== WHAT THE TASK ASKS ==
Every line in the records below with the string "construction" needs to be copied out.

Stored dataset items
+ + + +
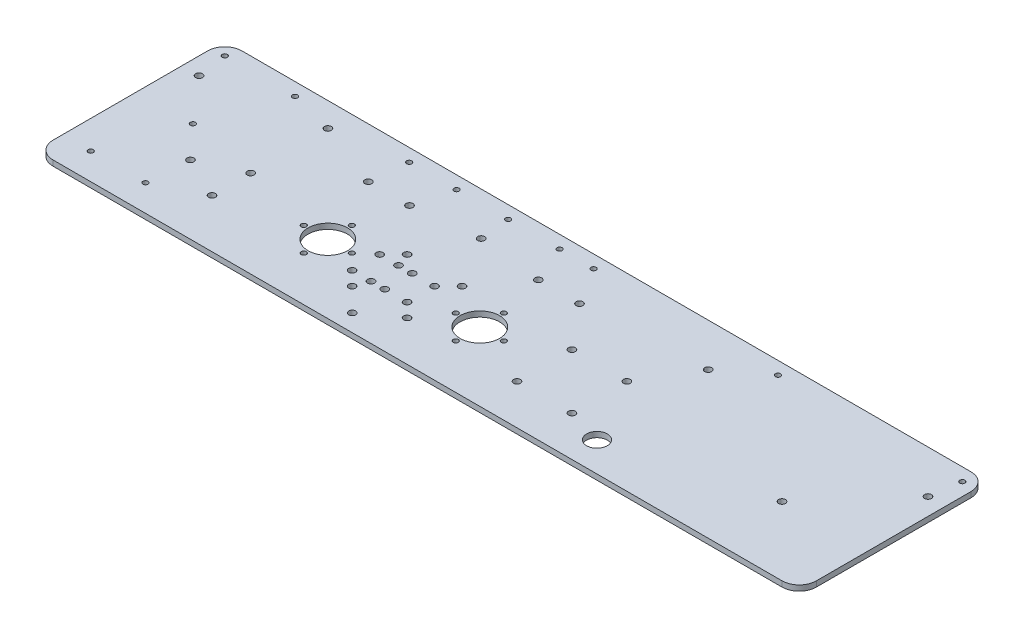
SolidWorks part; units mm, degrees
ref_plane "Front" through (0, 0, 0) normal (0, 0, 1) x (1, 0, 0)
ref_plane "Top" through (0, 0, 0) normal (0, 1, 0) x (1, 0, 0)
ref_plane "Right" through (0, 0, 0) normal (1, 0, 0) x (0, 0, -1)
sketch "Sketch1" plane through (0, 0, 0) normal (0, 1, 0) x (1, 0, 0)
  line L0 (-26.7996, 0) -> (-26.7996, 40)
  line L1 (-26.7996, 0) -> (417.7004, 0)
  line L2 (-26.7996, 0) -> (-26.7996, 110)
  line L3 (-26.7996, 110) -> (417.7004, 110)
  line L4 (417.7004, 0) -> (417.7004, 110)
  line L5 (-26.7996, 40) -> (23.2004, 40)
  line L6 (417.7004, 0) -> (417.7004, 40)
  line L7 (417.7004, 40) -> (367.7004, 40)
  line L8 (23.2004, 40) -> (103.2004, 40)
  line L9 (367.7004, 40) -> (191.7004, 40)
  line L10 (-26.7996, 110) -> (-26.7996, 85)
  line L11 (-26.7996, 85) -> (417.7004, 85)
  line L12 (-26.7996, 85) -> (-16.7996, 85)
  line L13 (417.7004, 85) -> (407.7004, 85)
  line L14 (103.2004, 40) -> (191.7004, 40)
  line L15 (147.4504, 40) -> (147.4504, 85)
  line L16 (279.7004, 40) -> (279.7004, 85)
  line L17 (147.4504, 40) -> (147.4504, 10)
  line L18 (-26.7996, 110) -> (-26.7996, 102.5)
  line L19 (-26.7996, 102.5) -> (417.7004, 102.5)
  line L20 (-26.7996, 102.5) -> (-19.2996, 102.5)
  line L21 (417.7004, 102.5) -> (410.2004, 102.5)
  line L22 (195.4504, 102.5) -> (410.2004, 102.5)
  line L23 (-19.2996, 102.5) -> (195.4504, 102.5)
  line L24 (417.7004, 0) -> (417.7004, 17.2282)
  line L25 (417.7004, 17.2282) -> (282.7004, 17.2282)
  circle A10 centre (367.7004, 40) radius 2
  circle A11 centre (23.2004, 40) radius 2
  circle A12 centre (103.2004, 40) radius 11.5
  circle A13 centre (103.2004, 40) radius 14
  circle A15 centre (103.2004, 54) radius 1.5
  circle A16 centre (89.2004, 40) radius 1.5
  circle A17 centre (103.2004, 26) radius 1.5
  circle A18 centre (117.2004, 40) radius 1.5
  circle A19 centre (191.7004, 40) radius 11.5
  circle A20 centre (191.7004, 40) radius 14
  circle A21 centre (191.7004, 26) radius 1.5
  circle A22 centre (205.7004, 40) radius 1.5
  circle A23 centre (191.7004, 54) radius 1.5
  circle A24 centre (177.7004, 40) radius 1.5
  circle A25 centre (-16.7996, 85) radius 2
  circle A26 centre (407.7004, 85) radius 2
  circle A27 centre (147.4504, 85) radius 2
  circle A28 centre (279.7004, 85) radius 2
  circle A29 centre (147.4504, 10) radius 2
  circle A30 centre (195.4504, 102.5) radius 1.5
  circle A31 centre (-19.2996, 102.5) radius 1.5
  circle A32 centre (410.2004, 102.5) radius 1.5
  circle A33 centre (302.8254, 102.5) radius 1.5
  circle A34 centre (88.0754, 102.5) radius 1.5
  circle A35 centre (282.7004, 17.2282) radius 6
  dimension "D3" = 40
  dimension "D7" = 80
  dimension "D8" = 176
  dimension "D9" = 25
  dimension "D11" = 10
  dimension "D12" = 30
  dimension "D13" = 7.5
  dimension "D14" = 7.5
  dimension "D16" = 17.2282
  dimension "D1" = 110
  dimension "D2" = 444.5
  dimension "D4" = 50
  dimension "D5" = 40
  dimension "D6" = 50
  dimension "D10" = 10
  dimension "D15" = 7.5
  dimension "D17" = 135
extrude "Boss-Extrude1" add sketch "Sketch1" along normal blind 3.175 contours A18 L14 A12 L8 A16 A13 A17 | A18 A13 A15 A16 L8 A12 L14 | A24 L14 A19 L9 A22 A20 A23 | A24 A20 A21 A22 L9 A19 L14 | A29 L14 A18 A13 A17 A16 L8 A11 L5 L0 L1 L4 L7 A10 L9 A22 A20 A21 A24 | A28 L11 A27 L15 L14 A24 A20 A23 A22 L9 L16 | A27 L11 A25 L2 L5 A11 L8 A16 A13 A15 A18 L14 L15 | A28 L11 A26 L13 L4 L3 L2 A25 A27 | A28 L16 L9 A10 L7 L4 L13 A26 L11 | A34 L23 A30 L22 A33 A32 L21 L4 L3 L10 L19 A31 region at (196.684, 0, -19.4923) region at (58.5861, 0, -63.184) region at (195.421, 0, -93.7571) region at (195.4504, 0, -106.2666) region at (348.6559, 0, -62.489) region at (93.521, 0, -49.6794) region at (90.515, 0, -38.754) region at (214.7998, 0, -63.4004) region at (204.3858, 0, -41.246) region at (201.3798, 0, -30.3206)
fillet "Fillet1" radius 10 4 edges at (417.7004, 1.5875, -110) (417.7004, 1.5875, 0) (-26.7996, 1.5875, 0) (-26.7996, 1.5875, -110)
sketch "Sketch2" plane through (0, 3.175, 0) normal (0, 1, 0) x (1, 0, 0)
  line L0 (-26.7996, 55.4056) -> (36.2004, 55.4056)
  line L1 (-26.7996, 10) -> (-26.7996, 100) construction
  line L2 (36.2004, 55.4056) -> (76.2004, 55.4056)
  line L3 (-16.7996, 110) -> (407.7004, 110) construction
  line L4 (36.2004, 55.4056) -> (36.2004, 23.4056)
  line L5 (36.2004, 23.4056) -> (68.2004, 23.4056)
  line L6 (76.2004, 55.4056) -> (165.9504, 55.4056)
  line L7 (165.9504, 55.4056) -> (133.9504, 55.4056)
  line L8 (133.9504, 55.4056) -> (133.9504, 23.4056)
  line L9 (133.9504, 23.4056) -> (165.9504, 23.4056)
  line L10 (133.9504, 23.4056) -> (125.9504, 23.4056)
  line L11 (125.9504, 23.4056) -> (125.9504, 55.4056)
  line L12 (165.9504, 55.4056) -> (157.9504, 55.4056)
  line L13 (157.9504, 55.4056) -> (157.9504, 23.4056)
  line L14 (157.9504, 23.4056) -> (157.9504, 31.4056)
  line L15 (157.9504, 55.4056) -> (157.9504, 47.4056)
  line L16 (157.9504, 47.4056) -> (133.9504, 47.4056)
  circle A4 centre (133.9504, 55.4056) radius 2
  circle A5 centre (165.9504, 55.4056) radius 2
  circle A9 centre (133.9504, 23.4056) radius 2
  circle A10 centre (165.9504, 23.4056) radius 2
  circle A11 centre (157.9504, 31.4056) radius 2
  circle A12 centre (125.9504, 31.4056) radius 2
  circle A13 centre (125.9504, 47.4056) radius 2
  circle A14 centre (157.9504, 47.4056) radius 2
  dimension "D5" = 89.75
  dimension "D6" = 32
  dimension "D7" = 8
  dimension "D10" = 8
  dimension "D1" = 63
  dimension "D2" = 40
  dimension "D3" = 54.5944
  dimension "D4" = 32
  dimension "D8" = 8
  dimension "D9" = 8
extrude "Cut-Extrude1" cut sketch "Sketch2" against normal blind 10 contours A4 | A5 | A13 | A12 | A9 | A10 | A11 | A14
sketch "Sketch3" plane through (0, 0, 0) normal (0, -1, 0) x (1, 0, 0)
  line L0 (133.9504, -55.4056) -> (133.9504, -47.4056)
  line L1 (133.9504, -47.4056) -> (136.9504, -47.4056)
  line L2 (136.9504, -47.4056) -> (144.9504, -47.4056)
  line L3 (136.9504, -47.4056) -> (136.9504, -31.4056)
  line L4 (136.9504, -31.4056) -> (144.9504, -31.4056)
  line L5 (165.9504, -55.4056) -> (229.9504, -55.4056)
  line L6 (229.9504, -55.4056) -> (261.9504, -55.4056)
  line L7 (261.9504, -55.4056) -> (261.9504, -23.4056)
  line L8 (261.9504, -23.4056) -> (229.9504, -23.4056)
  circle A0 centre (144.9504, -47.4056) radius 2
  circle A1 centre (136.9504, -47.4056) radius 2
  circle A2 centre (144.9504, -31.4056) radius 2
  circle A3 centre (136.9504, -31.4056) radius 2
  circle A4 centre (261.9504, -55.4056) radius 2
  circle A5 centre (229.9504, -55.4056) radius 2
  circle A6 centre (261.9504, -23.4056) radius 2
  circle A7 centre (229.9504, -23.4056) radius 2
  dimension "D3" = 8
  dimension "D5" = 64
  dimension "D7" = 32
  dimension "D1" = 3
  dimension "D2" = 8
  dimension "D4" = 16
  dimension "D6" = 32
extrude "Cut-Extrude2" cut sketch "Sketch3" against normal blind 10 contours L2 A1 L1 | L1 A1 L2 | A2 | L4 A3 L3 | L3 A1 L1 | L3 A3 L4 | A0 | A4 | A6 | A7 | A5 region at (136.1016, 0, -46.5568) region at (144.9504, 0, -29.4622) region at (136.6675, 0, -31.1227) region at (137.7992, 0, -32.2544) region at (136.9504, 0, -48.2544) region at (137.7992, 0, -46.5568)
sketch "Sketch4" plane through (0, 3.175, 0) normal (0, 1, 0) x (1, 0, 0)
  circle A0 centre (21.5907, 102.5) radius 1.5
  circle A1 centre (5.6648, 58.9528) radius 1.5
  circle A2 centre (-10.261, 15.4056) radius 1.5
  circle A3 centre (47.3504, 50.9056) radius 2
  circle A4 centre (115.6708, 102.5) radius 1.5
  circle A5 centre (145.6708, 102.5) radius 1.5
  circle A6 centre (175.6708, 102.5) radius 1.5
  circle A7 centre (47.3504, 95.9056) radius 2
  circle A8 centre (21.5907, 15.4056) radius 1.5
  circle A9 centre (47.3504, 28.4056) radius 2
  circle A10 centre (208.9504, 80.8056) radius 2
  circle A11 centre (184.9504, 80.8056) radius 2
  circle A12 centre (109.9504, 80.8056) radius 2
  circle A13 centre (85.9504, 80.8056) radius 2
extrude "Cut-Extrude3" cut sketch "Sketch4" against normal blind 6.35
+ + + +
== RESPONSE TO THE EXERCISE ==
  line L1 (-26.7996, 10) -> (-26.7996, 100) construction
  line L3 (-16.7996, 110) -> (407.7004, 110) construction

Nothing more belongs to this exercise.